For a casual stroll, a simple date, or a boys’ night out, these attires scream ‘fly’. Just pair any with a durag, and you’ll be taken fully back into the 80s big boy’s look.

Natives and casuals have done the rounds, but Rogue says, ‘we’ve only just begun; you can be even more fly in corporate dressing’. And boy is the brand right.


This brilliantly woven black wool fabric is mixed neatly with shiny silver threads. This brand uniquely and meticulously crafted this fabric into a long-sleeved jacket and bootcut pants. This attire might just be the highlight of this collection. It features a collar nicely laid with black buttons. Its chest area holds large square pockets on each side, with a flap held down by a shiny black button. The jacket sits pretty on the waistline, slightly covering the belt hole of the trousers.


Those pants widen down from the thighs of the wearer to floor length, creating a sense of style and uniqueness from the usual pencil suit pants. The most unique thing about this design is its fabric and style. It pairs smartly also with a baby pick shirt and a tie, proving that you can be corporate and still be ‘fly’. Honestly, I must acknowledge the level of creativity brought into this design. However, something might need a slight adjustment to make it even better.

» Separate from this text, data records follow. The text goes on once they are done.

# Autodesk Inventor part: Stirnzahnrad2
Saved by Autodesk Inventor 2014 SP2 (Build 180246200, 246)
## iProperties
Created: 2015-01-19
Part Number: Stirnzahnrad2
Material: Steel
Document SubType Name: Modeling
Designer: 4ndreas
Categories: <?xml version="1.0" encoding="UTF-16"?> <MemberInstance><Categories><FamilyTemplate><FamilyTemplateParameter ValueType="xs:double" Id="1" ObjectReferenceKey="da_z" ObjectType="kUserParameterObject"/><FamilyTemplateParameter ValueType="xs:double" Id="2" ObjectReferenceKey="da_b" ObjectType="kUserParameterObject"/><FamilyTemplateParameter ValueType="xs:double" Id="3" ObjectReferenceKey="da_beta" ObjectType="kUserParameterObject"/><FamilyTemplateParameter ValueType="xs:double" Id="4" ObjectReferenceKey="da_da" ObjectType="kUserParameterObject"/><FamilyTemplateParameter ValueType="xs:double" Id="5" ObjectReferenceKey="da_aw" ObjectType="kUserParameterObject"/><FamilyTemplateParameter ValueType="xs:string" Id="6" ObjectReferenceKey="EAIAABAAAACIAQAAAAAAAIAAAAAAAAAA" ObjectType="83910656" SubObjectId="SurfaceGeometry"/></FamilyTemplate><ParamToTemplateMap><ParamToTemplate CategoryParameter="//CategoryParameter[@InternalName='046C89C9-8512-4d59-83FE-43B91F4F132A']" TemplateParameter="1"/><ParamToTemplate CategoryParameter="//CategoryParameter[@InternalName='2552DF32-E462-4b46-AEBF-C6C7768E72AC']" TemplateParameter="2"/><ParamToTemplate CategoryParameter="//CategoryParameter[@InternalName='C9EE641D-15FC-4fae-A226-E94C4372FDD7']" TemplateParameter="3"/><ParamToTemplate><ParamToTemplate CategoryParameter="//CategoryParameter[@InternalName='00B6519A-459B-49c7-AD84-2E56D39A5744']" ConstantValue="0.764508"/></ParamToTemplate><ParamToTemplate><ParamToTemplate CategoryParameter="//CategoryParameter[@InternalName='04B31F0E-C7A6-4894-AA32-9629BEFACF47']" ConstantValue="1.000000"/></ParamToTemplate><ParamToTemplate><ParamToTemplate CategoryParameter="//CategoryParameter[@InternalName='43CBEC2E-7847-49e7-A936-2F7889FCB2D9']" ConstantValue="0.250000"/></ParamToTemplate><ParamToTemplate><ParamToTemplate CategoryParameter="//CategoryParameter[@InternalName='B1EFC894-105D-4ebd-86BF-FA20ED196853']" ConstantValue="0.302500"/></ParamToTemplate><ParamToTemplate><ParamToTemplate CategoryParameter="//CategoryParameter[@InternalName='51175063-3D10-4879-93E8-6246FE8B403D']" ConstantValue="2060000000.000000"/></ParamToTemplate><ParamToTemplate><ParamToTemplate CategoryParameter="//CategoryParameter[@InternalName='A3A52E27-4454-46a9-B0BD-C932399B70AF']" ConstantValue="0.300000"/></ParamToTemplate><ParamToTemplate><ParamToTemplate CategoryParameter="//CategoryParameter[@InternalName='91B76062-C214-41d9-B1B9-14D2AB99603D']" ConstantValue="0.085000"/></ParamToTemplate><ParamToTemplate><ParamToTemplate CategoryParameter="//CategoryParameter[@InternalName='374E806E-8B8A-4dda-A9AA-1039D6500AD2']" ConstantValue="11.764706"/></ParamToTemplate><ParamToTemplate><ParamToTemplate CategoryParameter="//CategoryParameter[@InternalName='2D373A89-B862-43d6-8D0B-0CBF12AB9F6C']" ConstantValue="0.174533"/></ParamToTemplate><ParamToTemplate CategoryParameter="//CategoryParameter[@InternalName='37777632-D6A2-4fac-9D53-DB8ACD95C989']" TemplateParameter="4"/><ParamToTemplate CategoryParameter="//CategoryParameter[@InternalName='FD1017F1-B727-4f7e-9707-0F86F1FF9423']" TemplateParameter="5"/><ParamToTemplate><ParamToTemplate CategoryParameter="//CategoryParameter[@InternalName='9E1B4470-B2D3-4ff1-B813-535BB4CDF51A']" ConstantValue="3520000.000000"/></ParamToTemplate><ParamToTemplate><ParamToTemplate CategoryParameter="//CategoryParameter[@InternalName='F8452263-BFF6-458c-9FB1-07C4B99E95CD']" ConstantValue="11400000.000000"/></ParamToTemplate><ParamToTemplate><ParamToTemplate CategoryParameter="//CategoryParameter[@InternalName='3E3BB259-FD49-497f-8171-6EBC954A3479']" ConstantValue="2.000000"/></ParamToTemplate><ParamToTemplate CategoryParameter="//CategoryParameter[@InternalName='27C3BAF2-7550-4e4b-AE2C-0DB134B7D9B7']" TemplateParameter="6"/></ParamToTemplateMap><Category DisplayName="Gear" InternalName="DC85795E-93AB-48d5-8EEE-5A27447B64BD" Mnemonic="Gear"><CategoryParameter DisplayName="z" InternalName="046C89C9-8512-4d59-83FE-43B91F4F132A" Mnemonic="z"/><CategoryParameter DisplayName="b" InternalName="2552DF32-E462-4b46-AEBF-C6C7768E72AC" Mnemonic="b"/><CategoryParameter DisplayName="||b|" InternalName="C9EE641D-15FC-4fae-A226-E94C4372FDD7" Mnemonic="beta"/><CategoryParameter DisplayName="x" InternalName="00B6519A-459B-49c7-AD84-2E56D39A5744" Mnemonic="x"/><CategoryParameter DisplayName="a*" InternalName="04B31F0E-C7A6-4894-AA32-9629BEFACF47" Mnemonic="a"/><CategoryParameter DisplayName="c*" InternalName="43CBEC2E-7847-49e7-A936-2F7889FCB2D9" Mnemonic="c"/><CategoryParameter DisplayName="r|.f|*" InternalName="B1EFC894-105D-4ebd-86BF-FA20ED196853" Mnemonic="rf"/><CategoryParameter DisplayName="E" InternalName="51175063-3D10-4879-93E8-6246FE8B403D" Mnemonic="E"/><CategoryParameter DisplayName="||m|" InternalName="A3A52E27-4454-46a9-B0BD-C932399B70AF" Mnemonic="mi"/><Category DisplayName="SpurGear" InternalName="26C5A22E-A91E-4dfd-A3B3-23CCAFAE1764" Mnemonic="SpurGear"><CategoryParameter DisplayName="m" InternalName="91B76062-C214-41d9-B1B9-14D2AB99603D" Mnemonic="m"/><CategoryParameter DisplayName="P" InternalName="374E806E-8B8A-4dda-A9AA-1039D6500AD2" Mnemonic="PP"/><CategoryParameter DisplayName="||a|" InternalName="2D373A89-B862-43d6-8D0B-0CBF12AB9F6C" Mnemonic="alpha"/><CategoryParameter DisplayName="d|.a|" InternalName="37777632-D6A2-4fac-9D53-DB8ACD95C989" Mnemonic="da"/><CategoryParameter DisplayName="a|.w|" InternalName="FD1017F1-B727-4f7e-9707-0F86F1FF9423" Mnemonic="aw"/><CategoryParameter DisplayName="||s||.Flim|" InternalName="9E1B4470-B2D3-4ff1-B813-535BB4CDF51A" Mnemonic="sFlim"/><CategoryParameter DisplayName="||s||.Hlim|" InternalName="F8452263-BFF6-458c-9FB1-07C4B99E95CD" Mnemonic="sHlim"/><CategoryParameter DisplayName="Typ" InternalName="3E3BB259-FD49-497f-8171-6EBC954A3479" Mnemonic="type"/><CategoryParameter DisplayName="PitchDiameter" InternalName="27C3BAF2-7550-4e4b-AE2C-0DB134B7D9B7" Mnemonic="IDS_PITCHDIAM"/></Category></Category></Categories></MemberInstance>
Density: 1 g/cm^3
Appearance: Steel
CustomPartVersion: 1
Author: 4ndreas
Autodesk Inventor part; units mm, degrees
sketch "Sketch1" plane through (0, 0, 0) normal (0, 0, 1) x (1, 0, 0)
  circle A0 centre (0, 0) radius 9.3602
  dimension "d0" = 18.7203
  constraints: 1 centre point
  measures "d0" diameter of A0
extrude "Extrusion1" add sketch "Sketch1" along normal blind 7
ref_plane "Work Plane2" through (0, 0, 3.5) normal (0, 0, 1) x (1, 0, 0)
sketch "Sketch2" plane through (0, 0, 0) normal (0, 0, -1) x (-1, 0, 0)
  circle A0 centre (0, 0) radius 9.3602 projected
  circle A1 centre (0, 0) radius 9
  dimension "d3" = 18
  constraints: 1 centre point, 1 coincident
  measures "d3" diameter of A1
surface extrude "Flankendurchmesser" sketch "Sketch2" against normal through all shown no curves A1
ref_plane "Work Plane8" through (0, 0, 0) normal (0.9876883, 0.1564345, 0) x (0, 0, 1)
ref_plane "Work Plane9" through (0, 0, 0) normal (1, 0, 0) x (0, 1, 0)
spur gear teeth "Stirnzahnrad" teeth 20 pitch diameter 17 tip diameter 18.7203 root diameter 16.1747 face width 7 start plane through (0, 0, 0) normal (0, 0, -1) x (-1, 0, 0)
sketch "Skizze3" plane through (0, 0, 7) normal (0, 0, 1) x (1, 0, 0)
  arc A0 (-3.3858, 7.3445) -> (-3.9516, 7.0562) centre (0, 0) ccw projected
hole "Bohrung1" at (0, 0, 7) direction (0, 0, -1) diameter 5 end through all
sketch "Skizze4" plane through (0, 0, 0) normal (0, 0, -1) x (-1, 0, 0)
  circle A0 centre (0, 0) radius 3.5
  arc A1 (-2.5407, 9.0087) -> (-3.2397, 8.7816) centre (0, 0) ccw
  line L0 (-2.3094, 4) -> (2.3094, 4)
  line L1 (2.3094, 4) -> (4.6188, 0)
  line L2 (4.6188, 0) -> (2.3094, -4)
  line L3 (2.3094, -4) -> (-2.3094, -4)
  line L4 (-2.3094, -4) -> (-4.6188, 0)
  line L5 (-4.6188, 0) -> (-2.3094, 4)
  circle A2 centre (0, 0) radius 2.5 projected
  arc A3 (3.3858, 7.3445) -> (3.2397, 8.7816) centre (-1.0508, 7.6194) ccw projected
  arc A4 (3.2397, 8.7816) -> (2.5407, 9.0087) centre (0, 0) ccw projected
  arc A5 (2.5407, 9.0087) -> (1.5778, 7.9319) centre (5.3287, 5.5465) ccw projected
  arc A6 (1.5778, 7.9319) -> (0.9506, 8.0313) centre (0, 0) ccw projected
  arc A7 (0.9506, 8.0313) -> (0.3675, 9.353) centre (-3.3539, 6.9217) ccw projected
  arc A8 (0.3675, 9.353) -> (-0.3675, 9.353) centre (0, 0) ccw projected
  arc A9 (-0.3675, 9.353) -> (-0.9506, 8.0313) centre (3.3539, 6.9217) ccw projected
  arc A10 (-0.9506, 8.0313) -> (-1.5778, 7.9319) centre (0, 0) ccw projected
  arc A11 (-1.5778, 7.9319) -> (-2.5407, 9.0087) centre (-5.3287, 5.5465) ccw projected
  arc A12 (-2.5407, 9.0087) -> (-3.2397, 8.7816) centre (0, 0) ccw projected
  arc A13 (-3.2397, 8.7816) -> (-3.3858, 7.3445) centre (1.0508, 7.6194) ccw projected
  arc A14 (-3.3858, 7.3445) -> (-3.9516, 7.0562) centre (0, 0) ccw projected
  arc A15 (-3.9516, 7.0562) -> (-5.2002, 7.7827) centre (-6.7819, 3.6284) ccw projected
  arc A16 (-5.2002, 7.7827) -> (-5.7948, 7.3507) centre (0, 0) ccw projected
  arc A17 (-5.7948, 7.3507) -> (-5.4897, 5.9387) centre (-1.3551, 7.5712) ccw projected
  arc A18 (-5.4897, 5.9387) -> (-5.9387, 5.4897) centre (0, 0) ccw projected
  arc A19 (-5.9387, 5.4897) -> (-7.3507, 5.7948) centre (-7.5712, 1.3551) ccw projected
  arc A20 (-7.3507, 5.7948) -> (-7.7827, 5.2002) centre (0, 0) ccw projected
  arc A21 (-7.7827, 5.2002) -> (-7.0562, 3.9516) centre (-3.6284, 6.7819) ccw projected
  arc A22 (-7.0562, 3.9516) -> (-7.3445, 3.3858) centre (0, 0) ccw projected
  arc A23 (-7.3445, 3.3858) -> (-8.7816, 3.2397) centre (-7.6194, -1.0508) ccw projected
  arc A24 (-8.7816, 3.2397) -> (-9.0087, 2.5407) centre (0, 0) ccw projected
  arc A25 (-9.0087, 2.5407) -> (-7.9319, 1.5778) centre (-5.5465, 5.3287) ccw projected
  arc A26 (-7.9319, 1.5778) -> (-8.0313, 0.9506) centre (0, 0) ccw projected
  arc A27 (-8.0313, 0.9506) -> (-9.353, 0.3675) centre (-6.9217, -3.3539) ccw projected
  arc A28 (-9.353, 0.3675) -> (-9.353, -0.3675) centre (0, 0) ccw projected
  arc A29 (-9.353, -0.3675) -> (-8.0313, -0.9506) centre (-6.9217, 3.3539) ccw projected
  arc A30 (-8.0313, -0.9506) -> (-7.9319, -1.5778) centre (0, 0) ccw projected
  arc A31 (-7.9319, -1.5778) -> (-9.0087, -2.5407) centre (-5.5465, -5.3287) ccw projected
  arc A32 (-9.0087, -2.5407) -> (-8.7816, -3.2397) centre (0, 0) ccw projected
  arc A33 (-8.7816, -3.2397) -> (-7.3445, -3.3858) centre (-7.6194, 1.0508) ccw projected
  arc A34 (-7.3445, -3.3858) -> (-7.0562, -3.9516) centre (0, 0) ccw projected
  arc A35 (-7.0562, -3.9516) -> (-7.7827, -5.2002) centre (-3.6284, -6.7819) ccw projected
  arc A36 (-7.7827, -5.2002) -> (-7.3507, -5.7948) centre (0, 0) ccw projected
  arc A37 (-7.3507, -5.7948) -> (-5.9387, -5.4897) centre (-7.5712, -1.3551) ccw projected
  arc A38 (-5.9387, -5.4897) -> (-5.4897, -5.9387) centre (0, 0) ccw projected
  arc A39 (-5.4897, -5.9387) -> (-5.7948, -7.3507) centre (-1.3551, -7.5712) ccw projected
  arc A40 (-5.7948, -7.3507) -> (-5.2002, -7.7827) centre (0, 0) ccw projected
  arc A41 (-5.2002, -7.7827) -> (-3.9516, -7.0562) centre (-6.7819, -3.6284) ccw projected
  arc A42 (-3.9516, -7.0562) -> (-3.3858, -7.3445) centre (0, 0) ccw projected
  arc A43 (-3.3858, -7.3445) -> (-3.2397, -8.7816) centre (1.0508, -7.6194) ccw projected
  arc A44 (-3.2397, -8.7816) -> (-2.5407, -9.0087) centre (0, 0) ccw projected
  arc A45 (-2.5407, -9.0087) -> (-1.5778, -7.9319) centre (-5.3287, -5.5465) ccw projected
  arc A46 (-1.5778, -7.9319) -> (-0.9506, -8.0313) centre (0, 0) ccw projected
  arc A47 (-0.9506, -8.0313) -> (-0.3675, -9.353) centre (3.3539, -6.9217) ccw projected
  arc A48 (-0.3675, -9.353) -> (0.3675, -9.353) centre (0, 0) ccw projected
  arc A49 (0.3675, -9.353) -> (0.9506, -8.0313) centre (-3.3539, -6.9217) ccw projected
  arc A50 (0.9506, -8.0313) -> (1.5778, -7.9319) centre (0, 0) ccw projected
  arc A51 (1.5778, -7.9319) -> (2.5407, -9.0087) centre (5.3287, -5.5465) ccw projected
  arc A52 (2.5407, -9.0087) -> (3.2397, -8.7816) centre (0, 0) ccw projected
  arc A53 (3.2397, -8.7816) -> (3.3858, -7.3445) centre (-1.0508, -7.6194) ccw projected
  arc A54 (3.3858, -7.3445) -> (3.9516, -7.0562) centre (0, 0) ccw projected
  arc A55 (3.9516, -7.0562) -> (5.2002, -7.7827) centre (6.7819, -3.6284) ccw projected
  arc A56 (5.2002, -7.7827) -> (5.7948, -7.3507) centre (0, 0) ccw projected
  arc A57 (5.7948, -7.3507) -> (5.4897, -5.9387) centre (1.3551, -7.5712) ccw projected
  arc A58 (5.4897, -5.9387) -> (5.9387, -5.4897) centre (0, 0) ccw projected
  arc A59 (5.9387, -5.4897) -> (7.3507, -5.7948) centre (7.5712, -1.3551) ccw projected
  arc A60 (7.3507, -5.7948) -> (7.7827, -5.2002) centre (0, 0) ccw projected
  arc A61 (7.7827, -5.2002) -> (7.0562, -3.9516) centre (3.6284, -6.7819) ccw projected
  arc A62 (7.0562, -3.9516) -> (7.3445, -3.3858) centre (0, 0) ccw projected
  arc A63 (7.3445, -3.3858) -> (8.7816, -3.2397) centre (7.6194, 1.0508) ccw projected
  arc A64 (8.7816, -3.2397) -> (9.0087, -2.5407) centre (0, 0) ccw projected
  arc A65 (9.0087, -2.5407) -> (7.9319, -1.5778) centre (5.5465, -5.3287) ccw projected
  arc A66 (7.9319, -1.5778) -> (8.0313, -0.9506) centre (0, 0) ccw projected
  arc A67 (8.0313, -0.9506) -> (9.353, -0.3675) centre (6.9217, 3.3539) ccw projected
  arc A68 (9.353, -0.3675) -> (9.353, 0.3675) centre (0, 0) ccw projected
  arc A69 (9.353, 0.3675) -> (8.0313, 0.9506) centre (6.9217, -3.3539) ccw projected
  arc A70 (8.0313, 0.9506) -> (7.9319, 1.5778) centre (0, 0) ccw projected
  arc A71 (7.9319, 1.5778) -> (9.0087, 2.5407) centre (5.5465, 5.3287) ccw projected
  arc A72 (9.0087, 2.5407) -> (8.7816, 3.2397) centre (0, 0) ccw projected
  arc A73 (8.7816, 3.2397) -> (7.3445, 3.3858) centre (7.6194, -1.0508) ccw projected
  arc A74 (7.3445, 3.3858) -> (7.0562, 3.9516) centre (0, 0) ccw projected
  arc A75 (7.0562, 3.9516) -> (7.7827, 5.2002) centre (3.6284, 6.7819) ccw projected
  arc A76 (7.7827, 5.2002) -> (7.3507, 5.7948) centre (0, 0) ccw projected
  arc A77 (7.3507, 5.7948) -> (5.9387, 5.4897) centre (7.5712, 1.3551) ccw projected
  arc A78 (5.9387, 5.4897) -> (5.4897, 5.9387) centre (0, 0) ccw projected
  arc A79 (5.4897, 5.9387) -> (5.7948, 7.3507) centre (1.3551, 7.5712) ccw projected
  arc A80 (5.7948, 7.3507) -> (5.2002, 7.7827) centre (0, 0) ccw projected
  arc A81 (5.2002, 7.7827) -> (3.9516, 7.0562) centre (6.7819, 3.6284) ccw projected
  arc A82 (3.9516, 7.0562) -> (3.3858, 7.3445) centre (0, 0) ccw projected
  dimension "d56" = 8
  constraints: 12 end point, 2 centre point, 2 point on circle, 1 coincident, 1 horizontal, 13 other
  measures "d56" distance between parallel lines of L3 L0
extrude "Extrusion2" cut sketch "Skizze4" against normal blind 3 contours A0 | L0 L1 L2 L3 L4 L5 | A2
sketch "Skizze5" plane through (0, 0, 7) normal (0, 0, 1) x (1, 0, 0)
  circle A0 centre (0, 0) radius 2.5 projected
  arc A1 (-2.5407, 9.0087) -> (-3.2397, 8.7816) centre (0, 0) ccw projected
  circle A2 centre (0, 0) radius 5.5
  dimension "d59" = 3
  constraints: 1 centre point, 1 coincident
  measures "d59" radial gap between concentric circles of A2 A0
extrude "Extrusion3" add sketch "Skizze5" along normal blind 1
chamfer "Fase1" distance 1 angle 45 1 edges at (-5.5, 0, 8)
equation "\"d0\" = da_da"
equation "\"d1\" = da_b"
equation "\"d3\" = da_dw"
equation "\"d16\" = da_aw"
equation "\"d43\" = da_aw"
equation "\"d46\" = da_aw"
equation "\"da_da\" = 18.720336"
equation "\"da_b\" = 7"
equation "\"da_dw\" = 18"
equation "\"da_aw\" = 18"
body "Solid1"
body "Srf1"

The collar style, as it currently is, allows customers to wear the jacket without an inner shirt or tie, and that makes it versatile. But the collar should have been made more open or mirror a blazer, rather than an actual shirt. That way, the collar can lie better, allowing the inner shirt to pop better.

Rogue clothing company is gifted and fearless in exploring its craft. These final attires in this 2025 collection feature the Japanese wrap trousers, paired on one hand with a black glittery flower-patterned shirt that gives a Michael Jackson vibe, and on the other hand, a grey short-sleeve jacket-like shirt.
I like to believe that the wrap trousers were an idea from the women’s wrap skirt, and the grey jacket was inspired by the wrap dress. The black cotton-made trousers feature adjustable buckles with elastics on both sides rather than the usual belt hole. This makes the trousers more tailored and fit at the waist without distortion. There’s a hook and zipper at the front that allows for easy removal. The pockets also sit neatly under each buckle. Just below the knees, the brand creatively introduces two enormous belt holes, tightening the fabric to give the trousers a bootcut shape throughout their full length.
The level of creativity that this brand has shown arguably rivals great designers like Mai Atafo, the great, who is known for crafting impeccable men’s corporate wear. However, there’s more work to be done in the finishing area. For instance, the shirt is a tad bit long. That alone conflicts with the design of the trousers and makes them look unnecessarily big.


But for all I’ve seen in this Rogue’s 2025 collection, the styles are mostly impeccably sewn. The ideas behind each craft are inspiring and reflect deep artisanal skill ingrained within the heart of the brand. I do not doubt that, with this same energy and the ability to improve in all spheres, the sky is only the starting point for Adams and his brand.